Geyr on the other side (Panzer Gruppe West) advocated a strong operational reserve of 5 to 6 mobile divisions, stationed around Paris in the woods protected against air sight and out of the range of ship artillery. His concept was thus mobile.

Rommel only had to think for his Heeresgruppe B. Rundstedt (OB West) had to think for the whole West. Of course already this fact is telling: He couldn't allow Rommel to have the Panzers in his Coastal Region, because this would denude all the other sectors in the West of any armour. There simply were not enough Panzer Divisions available.

The three ended up with a compromise. In the end there were not enough Panzer Divisions at the Coast and not enough Reserves for a mobile counterattack (Schwerpunkt). Everybody was happy and unhappy.

The whole discussion, however, actually is quite irrelevant. Both systems would not have worked and history has proven it. It is correct that a Continental Invasion is weakest at the landing. However, also the defender is weakest at the same moment. The Allies were not running into the rifles of a well prepared, alerted enemy, waiting for them at the beach. Allied planning and counterintelligence made sure of this. Also with Rommels concept, the Germans needed a reaction time, it's not like in the manouvres where you know the enemy comes at 5 o'clock in the morning because you told the umpires that you will wake up your boys at 6 o'clock. It is not possible to man the European and Norwegian Coastline like the walls of a Castle (as the word Atlantik Wall only suggested to the propaganda blinded). Of course the Allies knew they were vulnerable at the start. What didn they do? The same one does in any ordinary land battle. Put in the heaviest fire possible like an umbrella to protect the vulnerable movement ie the landings. Ship artillery and air power did exactly what Geyr feard they would: They nailed the Germans down and then blew them out. This together with the huge concentration of troops the Allied Navy (unmolested by the Marine and the Luftwaffe) could deliver at the beaches in a short time spelled doom for the best Coastal Defence (they were insufficent in the eyes of Rommel anyway who would have liked more mines, obstacles, bunkers etc.). Even at Omaha Beach they were breached by the end of the first day. Only the few heaviest works lasted some days longer and were of no tactical use once bypassed. After this, the Germans had to defend in the Hinterland exactly in the range of the ship artillery (range and caliber of ship artillery can not be compared to field artillery). Let's listen to what Meyer tells in the unit history of 12 SS and you will see what this means. He was an eyewitness.

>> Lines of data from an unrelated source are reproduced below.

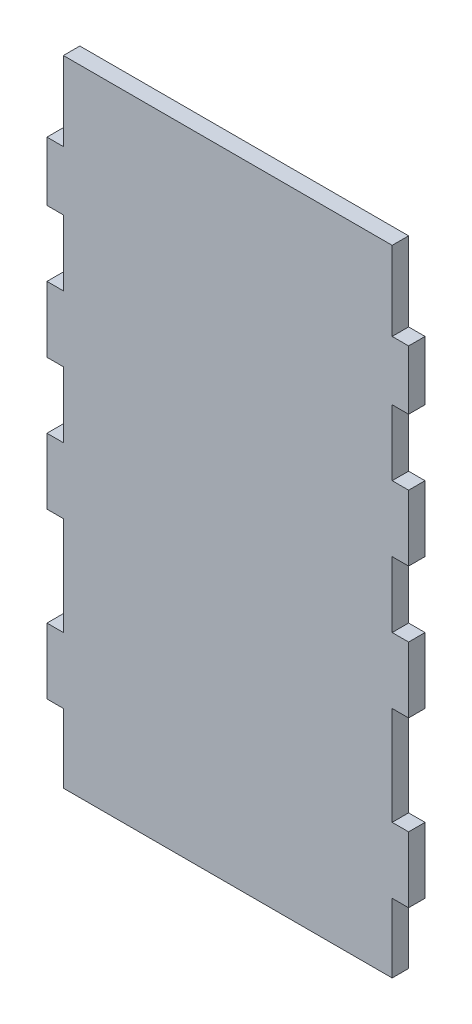
ISO-10303-21;
HEADER;
FILE_DESCRIPTION(('STEP AP214'),'2;1');
FILE_NAME('part.step','',(''),(''),'','','');
FILE_SCHEMA(('AUTOMOTIVE_DESIGN { 1 0 10303 214 1 1 1 1 }'));
ENDSEC;
DATA;
#1=APPLICATION_CONTEXT('core data for automotive mechanical design processes');
#2=APPLICATION_PROTOCOL_DEFINITION('international standard','automotive_design',2000,#1);
#3=PRODUCT_CONTEXT('',#1,'mechanical');
#4=PRODUCT('Part','Part','',(#3));
#5=PRODUCT_RELATED_PRODUCT_CATEGORY('part','',(#4));
#6=PRODUCT_DEFINITION_FORMATION('','',#4);
#7=PRODUCT_DEFINITION_CONTEXT('part definition',#1,'design');
#8=PRODUCT_DEFINITION('design','',#6,#7);
#9=PRODUCT_DEFINITION_SHAPE('','',#8);
#10=(LENGTH_UNIT() NAMED_UNIT(*) SI_UNIT(.MILLI.,.METRE.));
#11=(NAMED_UNIT(*) PLANE_ANGLE_UNIT() SI_UNIT($,.RADIAN.));
#12=(NAMED_UNIT(*) SI_UNIT($,.STERADIAN.) SOLID_ANGLE_UNIT());
#13=UNCERTAINTY_MEASURE_WITH_UNIT(LENGTH_MEASURE(1.E-05),#10,'distance_accuracy_value','');
#14=(GEOMETRIC_REPRESENTATION_CONTEXT(3) GLOBAL_UNCERTAINTY_ASSIGNED_CONTEXT((#13)) GLOBAL_UNIT_ASSIGNED_CONTEXT((#10,
#11,#12)) REPRESENTATION_CONTEXT('',''));
#15=CARTESIAN_POINT('',(0.,0.,0.));
#16=DIRECTION('',(0.,0.,1.));
#17=DIRECTION('',(1.,0.,0.));
#18=AXIS2_PLACEMENT_3D('',#15,#16,#17);
#19=CARTESIAN_POINT('',(-133.35,6.34999999999993,6.35));
#20=DIRECTION('',(1.,0.,0.));
#21=DIRECTION('',(0.,0.,-1.));
#22=AXIS2_PLACEMENT_3D('',#19,#20,#21);
#23=PLANE('',#22);
#24=DIRECTION('',(0.,-1.,0.));
#25=VECTOR('',#24,1.);
#26=CARTESIAN_POINT('',(-133.35,6.34999999999993,0.));
#27=LINE('',#26,#25);
#28=CARTESIAN_POINT('',(-133.35,58.42,0.));
#29=VERTEX_POINT('',#28);
#30=CARTESIAN_POINT('',(-133.35,33.02,0.));
#31=VERTEX_POINT('',#30);
#32=EDGE_CURVE('E312',#29,#31,#27,.T.);
#33=ORIENTED_EDGE('',*,*,#32,.T.);
#34=DIRECTION('',(0.,0.,-1.));
#35=VECTOR('',#34,1.);
#36=CARTESIAN_POINT('',(-133.35,33.02,6.35));
#37=LINE('',#36,#35);
#38=CARTESIAN_POINT('',(-133.35,33.02,6.35));
#39=VERTEX_POINT('',#38);
#40=EDGE_CURVE('E948',#39,#31,#37,.T.);
#41=ORIENTED_EDGE('',*,*,#40,.F.);
#42=DIRECTION('',(0.,-1.,0.));
#43=VECTOR('',#42,1.);
#44=CARTESIAN_POINT('',(-133.35,6.34999999999993,6.35));
#45=LINE('',#44,#43);
#46=CARTESIAN_POINT('',(-133.35,58.42,6.35));
#47=VERTEX_POINT('',#46);
#48=EDGE_CURVE('E300',#47,#39,#45,.T.);
#49=ORIENTED_EDGE('',*,*,#48,.F.);
#50=DIRECTION('',(0.,0.,-1.));
#51=VECTOR('',#50,1.);
#52=CARTESIAN_POINT('',(-133.35,58.42,6.35));
#53=LINE('',#52,#51);
#54=EDGE_CURVE('E366',#47,#29,#53,.T.);
#55=ORIENTED_EDGE('',*,*,#54,.T.);
#56=EDGE_LOOP('',(#33,#41,#49,#55));
#57=FACE_BOUND('',#56,.T.);
#58=ADVANCED_FACE('F37',(#57),#23,.F.);
#59=CARTESIAN_POINT('',(-133.35,121.92,0.));
#60=VERTEX_POINT('',#59);
#61=CARTESIAN_POINT('',(-133.35,96.52,0.));
#62=VERTEX_POINT('',#61);
#63=EDGE_CURVE('E314',#60,#62,#27,.T.);
#64=ORIENTED_EDGE('',*,*,#63,.T.);
#65=DIRECTION('',(0.,0.,-1.));
#66=VECTOR('',#65,1.);
#67=CARTESIAN_POINT('',(-133.35,96.52,6.35));
#68=LINE('',#67,#66);
#69=CARTESIAN_POINT('',(-133.35,96.52,6.35));
#70=VERTEX_POINT('',#69);
#71=EDGE_CURVE('E339',#70,#62,#68,.T.);
#72=ORIENTED_EDGE('',*,*,#71,.F.);
#73=CARTESIAN_POINT('',(-133.35,121.92,6.35));
#74=VERTEX_POINT('',#73);
#75=EDGE_CURVE('E303',#74,#70,#45,.T.);
#76=ORIENTED_EDGE('',*,*,#75,.F.);
#77=DIRECTION('',(0.,0.,-1.));
#78=VECTOR('',#77,1.);
#79=CARTESIAN_POINT('',(-133.35,121.92,6.35));
#80=LINE('',#79,#78);
#81=EDGE_CURVE('E341',#74,#60,#80,.T.);
#82=ORIENTED_EDGE('',*,*,#81,.T.);
#83=EDGE_LOOP('',(#64,#72,#76,#82));
#84=FACE_BOUND('',#83,.T.);
#85=ADVANCED_FACE('F337',(#84),#23,.F.);
#86=CARTESIAN_POINT('',(-133.35,172.72,0.));
#87=VERTEX_POINT('',#86);
#88=CARTESIAN_POINT('',(-133.35,147.32,0.));
#89=VERTEX_POINT('',#88);
#90=EDGE_CURVE('E322',#87,#89,#27,.T.);
#91=ORIENTED_EDGE('',*,*,#90,.T.);
#92=DIRECTION('',(0.,0.,-1.));
#93=VECTOR('',#92,1.);
#94=CARTESIAN_POINT('',(-133.35,147.32,6.35));
#95=LINE('',#94,#93);
#96=CARTESIAN_POINT('',(-133.35,147.32,6.35));
#97=VERTEX_POINT('',#96);
#98=EDGE_CURVE('E384',#97,#89,#95,.T.);
#99=ORIENTED_EDGE('',*,*,#98,.F.);
#100=CARTESIAN_POINT('',(-133.35,172.72,6.35));
#101=VERTEX_POINT('',#100);
#102=EDGE_CURVE('E931',#101,#97,#45,.T.);
#103=ORIENTED_EDGE('',*,*,#102,.F.);
#104=DIRECTION('',(0.,0.,-1.));
#105=VECTOR('',#104,1.);
#106=CARTESIAN_POINT('',(-133.35,172.72,6.35));
#107=LINE('',#106,#105);
#108=EDGE_CURVE('E389',#101,#87,#107,.T.);
#109=ORIENTED_EDGE('',*,*,#108,.T.);
#110=EDGE_LOOP('',(#91,#99,#103,#109));
#111=FACE_BOUND('',#110,.T.);
#112=ADVANCED_FACE('F616',(#111),#23,.F.);
#113=CARTESIAN_POINT('',(0.,0.,6.35));
#114=DIRECTION('',(0.,0.,1.));
#115=DIRECTION('',(1.,0.,0.));
#116=AXIS2_PLACEMENT_3D('',#113,#114,#115);
#117=PLANE('',#116);
#118=DIRECTION('',(1.,0.,0.));
#119=VECTOR('',#118,1.);
#120=CARTESIAN_POINT('',(-133.35,251.46,6.35));
#121=LINE('',#120,#119);
#122=CARTESIAN_POINT('',(-127.,251.46,6.35));
#123=VERTEX_POINT('',#122);
#124=CARTESIAN_POINT('',(0.,251.46,6.35));
#125=VERTEX_POINT('',#124);
#126=EDGE_CURVE('E267',#123,#125,#121,.T.);
#127=ORIENTED_EDGE('',*,*,#126,.F.);
#128=DIRECTION('',(0.,1.,0.));
#129=VECTOR('',#128,1.);
#130=CARTESIAN_POINT('',(-127.,0.,6.35));
#131=LINE('',#130,#129);
#132=CARTESIAN_POINT('',(-127.,220.98,6.35));
#133=VERTEX_POINT('',#132);
#134=EDGE_CURVE('E422',#133,#123,#131,.T.);
#135=ORIENTED_EDGE('',*,*,#134,.F.);
#136=DIRECTION('',(-1.,0.,0.));
#137=VECTOR('',#136,1.);
#138=CARTESIAN_POINT('',(0.,220.98,6.35));
#139=LINE('',#138,#137);
#140=CARTESIAN_POINT('',(-133.35,220.98,6.35));
#141=VERTEX_POINT('',#140);
#142=EDGE_CURVE('E424',#133,#141,#139,.T.);
#143=ORIENTED_EDGE('',*,*,#142,.T.);
#144=CARTESIAN_POINT('',(-133.35,198.12,6.35));
#145=VERTEX_POINT('',#144);
#146=EDGE_CURVE('E304',#141,#145,#45,.T.);
#147=ORIENTED_EDGE('',*,*,#146,.T.);
#148=DIRECTION('',(1.,0.,0.));
#149=VECTOR('',#148,1.);
#150=CARTESIAN_POINT('',(0.,198.12,6.35));
#151=LINE('',#150,#149);
#152=CARTESIAN_POINT('',(-127.,198.12,6.35));
#153=VERTEX_POINT('',#152);
#154=EDGE_CURVE('E397',#145,#153,#151,.T.);
#155=ORIENTED_EDGE('',*,*,#154,.T.);
#156=DIRECTION('',(0.,-1.,0.));
#157=VECTOR('',#156,1.);
#158=CARTESIAN_POINT('',(-127.,0.,6.35));
#159=LINE('',#158,#157);
#160=CARTESIAN_POINT('',(-127.,172.72,6.35));
#161=VERTEX_POINT('',#160);
#162=EDGE_CURVE('E400',#153,#161,#159,.T.);
#163=ORIENTED_EDGE('',*,*,#162,.T.);
#164=DIRECTION('',(-1.,0.,0.));
#165=VECTOR('',#164,1.);
#166=CARTESIAN_POINT('',(0.,172.72,6.35));
#167=LINE('',#166,#165);
#168=EDGE_CURVE('E404',#161,#101,#167,.T.);
#169=ORIENTED_EDGE('',*,*,#168,.T.);
#170=ORIENTED_EDGE('',*,*,#102,.T.);
#171=DIRECTION('',(1.,0.,0.));
#172=VECTOR('',#171,1.);
#173=CARTESIAN_POINT('',(0.,147.32,6.35));
#174=LINE('',#173,#172);
#175=CARTESIAN_POINT('',(-127.,147.32,6.35));
#176=VERTEX_POINT('',#175);
#177=EDGE_CURVE('E375',#97,#176,#174,.T.);
#178=ORIENTED_EDGE('',*,*,#177,.T.);
#179=DIRECTION('',(0.,-1.,0.));
#180=VECTOR('',#179,1.);
#181=CARTESIAN_POINT('',(-127.,0.,6.35));
#182=LINE('',#181,#180);
#183=CARTESIAN_POINT('',(-127.,121.92,6.35));
#184=VERTEX_POINT('',#183);
#185=EDGE_CURVE('E378',#176,#184,#182,.T.);
#186=ORIENTED_EDGE('',*,*,#185,.T.);
#187=DIRECTION('',(-1.,0.,0.));
#188=VECTOR('',#187,1.);
#189=CARTESIAN_POINT('',(0.,121.92,6.35));
#190=LINE('',#189,#188);
#191=EDGE_CURVE('E381',#184,#74,#190,.T.);
#192=ORIENTED_EDGE('',*,*,#191,.T.);
#193=ORIENTED_EDGE('',*,*,#75,.T.);
#194=DIRECTION('',(1.,0.,0.));
#195=VECTOR('',#194,1.);
#196=CARTESIAN_POINT('',(0.,96.52,6.35));
#197=LINE('',#196,#195);
#198=CARTESIAN_POINT('',(-127.,96.52,6.35));
#199=VERTEX_POINT('',#198);
#200=EDGE_CURVE('E365',#70,#199,#197,.T.);
#201=ORIENTED_EDGE('',*,*,#200,.T.);
#202=DIRECTION('',(0.,-1.,0.));
#203=VECTOR('',#202,1.);
#204=CARTESIAN_POINT('',(-127.,0.,6.35));
#205=LINE('',#204,#203);
#206=CARTESIAN_POINT('',(-127.,58.42,6.35));
#207=VERTEX_POINT('',#206);
#208=EDGE_CURVE('E945',#199,#207,#205,.T.);
#209=ORIENTED_EDGE('',*,*,#208,.T.);
#210=DIRECTION('',(-1.,0.,0.));
#211=VECTOR('',#210,1.);
#212=CARTESIAN_POINT('',(0.,58.42,6.35));
#213=LINE('',#212,#211);
#214=EDGE_CURVE('E361',#207,#47,#213,.T.);
#215=ORIENTED_EDGE('',*,*,#214,.T.);
#216=ORIENTED_EDGE('',*,*,#48,.T.);
#217=DIRECTION('',(1.,0.,0.));
#218=VECTOR('',#217,1.);
#219=CARTESIAN_POINT('',(0.,33.02,6.35));
#220=LINE('',#219,#218);
#221=CARTESIAN_POINT('',(-127.,33.02,6.35));
#222=VERTEX_POINT('',#221);
#223=EDGE_CURVE('E956',#39,#222,#220,.T.);
#224=ORIENTED_EDGE('',*,*,#223,.T.);
#225=DIRECTION('',(0.,-1.,0.));
#226=VECTOR('',#225,1.);
#227=CARTESIAN_POINT('',(-127.,0.,6.35));
#228=LINE('',#227,#226);
#229=CARTESIAN_POINT('',(-127.,6.34999999999993,6.35));
#230=VERTEX_POINT('',#229);
#231=EDGE_CURVE('E951',#222,#230,#228,.T.);
#232=ORIENTED_EDGE('',*,*,#231,.T.);
#233=DIRECTION('',(1.,0.,0.));
#234=VECTOR('',#233,1.);
#235=CARTESIAN_POINT('',(6.35,6.34999999999995,6.35));
#236=LINE('',#235,#234);
#237=CARTESIAN_POINT('',(0.,6.34999999999995,6.35));
#238=VERTEX_POINT('',#237);
#239=EDGE_CURVE('E45',#230,#238,#236,.T.);
#240=ORIENTED_EDGE('',*,*,#239,.T.);
#241=DIRECTION('',(0.,-1.,0.));
#242=VECTOR('',#241,1.);
#243=CARTESIAN_POINT('',(0.,6.34999999999995,6.35));
#244=LINE('',#243,#242);
#245=CARTESIAN_POINT('',(0.,33.02,6.35));
#246=VERTEX_POINT('',#245);
#247=EDGE_CURVE('E433',#246,#238,#244,.T.);
#248=ORIENTED_EDGE('',*,*,#247,.F.);
#249=DIRECTION('',(1.,0.,0.));
#250=VECTOR('',#249,1.);
#251=CARTESIAN_POINT('',(0.,33.02,6.35));
#252=LINE('',#251,#250);
#253=CARTESIAN_POINT('',(6.35,33.02,6.35));
#254=VERTEX_POINT('',#253);
#255=EDGE_CURVE('E310',#246,#254,#252,.T.);
#256=ORIENTED_EDGE('',*,*,#255,.T.);
#257=DIRECTION('',(0.,1.,0.));
#258=VECTOR('',#257,1.);
#259=CARTESIAN_POINT('',(6.35,6.34999999999995,6.35));
#260=LINE('',#259,#258);
#261=CARTESIAN_POINT('',(6.35,58.42,6.35));
#262=VERTEX_POINT('',#261);
#263=EDGE_CURVE('E299',#254,#262,#260,.T.);
#264=ORIENTED_EDGE('',*,*,#263,.T.);
#265=DIRECTION('',(1.,0.,0.));
#266=VECTOR('',#265,1.);
#267=CARTESIAN_POINT('',(0.,58.42,6.35));
#268=LINE('',#267,#266);
#269=CARTESIAN_POINT('',(0.,58.42,6.35));
#270=VERTEX_POINT('',#269);
#271=EDGE_CURVE('E450',#270,#262,#268,.T.);
#272=ORIENTED_EDGE('',*,*,#271,.F.);
#273=DIRECTION('',(0.,-1.,0.));
#274=VECTOR('',#273,1.);
#275=CARTESIAN_POINT('',(0.,58.42,6.35));
#276=LINE('',#275,#274);
#277=CARTESIAN_POINT('',(0.,96.52,6.35));
#278=VERTEX_POINT('',#277);
#279=EDGE_CURVE('E464',#278,#270,#276,.T.);
#280=ORIENTED_EDGE('',*,*,#279,.F.);
#281=DIRECTION('',(1.,0.,0.));
#282=VECTOR('',#281,1.);
#283=CARTESIAN_POINT('',(0.,96.52,6.35));
#284=LINE('',#283,#282);
#285=CARTESIAN_POINT('',(6.35,96.52,6.35));
#286=VERTEX_POINT('',#285);
#287=EDGE_CURVE('E458',#278,#286,#284,.T.);
#288=ORIENTED_EDGE('',*,*,#287,.T.);
#289=CARTESIAN_POINT('',(6.35,121.92,6.35));
#290=VERTEX_POINT('',#289);
#291=EDGE_CURVE('E577',#286,#290,#260,.T.);
#292=ORIENTED_EDGE('',*,*,#291,.T.);
#293=DIRECTION('',(1.,0.,0.));
#294=VECTOR('',#293,1.);
#295=CARTESIAN_POINT('',(0.,121.92,6.35));
#296=LINE('',#295,#294);
#297=CARTESIAN_POINT('',(0.,121.92,6.35));
#298=VERTEX_POINT('',#297);
#299=EDGE_CURVE('E474',#298,#290,#296,.T.);
#300=ORIENTED_EDGE('',*,*,#299,.F.);
#301=DIRECTION('',(0.,-1.,0.));
#302=VECTOR('',#301,1.);
#303=CARTESIAN_POINT('',(0.,121.92,6.35));
#304=LINE('',#303,#302);
#305=CARTESIAN_POINT('',(0.,147.32,6.35));
#306=VERTEX_POINT('',#305);
#307=EDGE_CURVE('E488',#306,#298,#304,.T.);
#308=ORIENTED_EDGE('',*,*,#307,.F.);
#309=DIRECTION('',(1.,0.,0.));
#310=VECTOR('',#309,1.);
#311=CARTESIAN_POINT('',(0.,147.32,6.35));
#312=LINE('',#311,#310);
#313=CARTESIAN_POINT('',(6.35,147.32,6.35));
#314=VERTEX_POINT('',#313);
#315=EDGE_CURVE('E482',#306,#314,#312,.T.);
#316=ORIENTED_EDGE('',*,*,#315,.T.);
#317=CARTESIAN_POINT('',(6.35,172.72,6.35));
#318=VERTEX_POINT('',#317);
#319=EDGE_CURVE('E297',#314,#318,#260,.T.);
#320=ORIENTED_EDGE('',*,*,#319,.T.);
#321=DIRECTION('',(1.,0.,0.));
#322=VECTOR('',#321,1.);
#323=CARTESIAN_POINT('',(0.,172.72,6.35));
#324=LINE('',#323,#322);
#325=CARTESIAN_POINT('',(0.,172.72,6.35));
#326=VERTEX_POINT('',#325);
#327=EDGE_CURVE('E498',#326,#318,#324,.T.);
#328=ORIENTED_EDGE('',*,*,#327,.F.);
#329=DIRECTION('',(0.,-1.,0.));
#330=VECTOR('',#329,1.);
#331=CARTESIAN_POINT('',(0.,172.72,6.35));
#332=LINE('',#331,#330);
#333=CARTESIAN_POINT('',(0.,198.12,6.35));
#334=VERTEX_POINT('',#333);
#335=EDGE_CURVE('E511',#334,#326,#332,.T.);
#336=ORIENTED_EDGE('',*,*,#335,.F.);
#337=DIRECTION('',(1.,0.,0.));
#338=VECTOR('',#337,1.);
#339=CARTESIAN_POINT('',(0.,198.12,6.35));
#340=LINE('',#339,#338);
#341=CARTESIAN_POINT('',(6.35,198.12,6.35));
#342=VERTEX_POINT('',#341);
#343=EDGE_CURVE('E506',#334,#342,#340,.T.);
#344=ORIENTED_EDGE('',*,*,#343,.T.);
#345=CARTESIAN_POINT('',(6.35,220.98,6.35));
#346=VERTEX_POINT('',#345);
#347=EDGE_CURVE('E295',#342,#346,#260,.T.);
#348=ORIENTED_EDGE('',*,*,#347,.T.);
#349=DIRECTION('',(1.,0.,0.));
#350=VECTOR('',#349,1.);
#351=CARTESIAN_POINT('',(0.,220.98,6.35));
#352=LINE('',#351,#350);
#353=CARTESIAN_POINT('',(0.,220.98,6.35));
#354=VERTEX_POINT('',#353);
#355=EDGE_CURVE('E287',#354,#346,#352,.T.);
#356=ORIENTED_EDGE('',*,*,#355,.F.);
#357=DIRECTION('',(0.,-1.,0.));
#358=VECTOR('',#357,1.);
#359=CARTESIAN_POINT('',(0.,220.98,6.35));
#360=LINE('',#359,#358);
#361=EDGE_CURVE('E279',#125,#354,#360,.T.);
#362=ORIENTED_EDGE('',*,*,#361,.F.);
#363=EDGE_LOOP('',(#127,#135,#143,#147,#155,#163,#169,#170,#178,#186,#192,#193,#201,#209,#215,
#216,#224,#232,#240,#248,#256,#264,#272,#280,#288,#292,#300,#308,#316,#320,#328,#336,#344,#348,
#356,#362));
#364=FACE_BOUND('',#363,.T.);
#365=ADVANCED_FACE('F285',(#364),#117,.T.);
#366=CARTESIAN_POINT('',(0.,0.,0.));
#367=DIRECTION('',(0.,0.,1.));
#368=DIRECTION('',(1.,0.,0.));
#369=AXIS2_PLACEMENT_3D('',#366,#367,#368);
#370=PLANE('',#369);
#371=DIRECTION('',(0.,1.,0.));
#372=VECTOR('',#371,1.);
#373=CARTESIAN_POINT('',(-127.,0.,0.));
#374=LINE('',#373,#372);
#375=CARTESIAN_POINT('',(-127.,220.98,0.));
#376=VERTEX_POINT('',#375);
#377=CARTESIAN_POINT('',(-127.,251.46,0.));
#378=VERTEX_POINT('',#377);
#379=EDGE_CURVE('E58',#376,#378,#374,.T.);
#380=ORIENTED_EDGE('',*,*,#379,.T.);
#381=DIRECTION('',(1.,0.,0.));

It wasn't actually the command structure but the Allied Air that hindered the Panzer to move up front. OKW actually was not that touchy on the subject of using its reserves. Rundstedt didn't have any problems to get them once he really wanted them. He wanted to have a clear picture and had Calais in the back of his head, so wasted a few hours pondering should I or should I not and he didn't protest against the freezing of 12. SS, especially as they were still allowed to move after 3 hours. These hours were not pivotal. Also a better performance of 21. PD wouldn't hav saved the day. After all, not only a rather cumbersome way to get them up, but also the fact they had a British Para Division landing on their heads stood in the way of a good show.
Allied Air power however proved Geyr wrong. Its not the direct effect the aircraft had on the ground, this one is often exagerated. The simple fact that they were around hindered effective movement by day and the bombers had worked for months to destroy vital lines of communication. This was putting every German time table in shambles.

I think it was Zetterling who made a point that a lot of the Panzer Divisons were not battle ready in June. This is very true for some, but not all. Anyway the lack of Panzer Divisions, not their state was the main problem. Even with Führerweisung Nr. 51 in their back the Germans were never able to give all to the Western Front that was needed. Hence the problem of reserves and where to place them.

So the real problem: With the Marine out, the Luftwaffe out and the Heer semi out, on the other side the Allies dominating the Coastline with heavy fire and ruling the skies, the question where to place the reserves became somewhat a theoretical one.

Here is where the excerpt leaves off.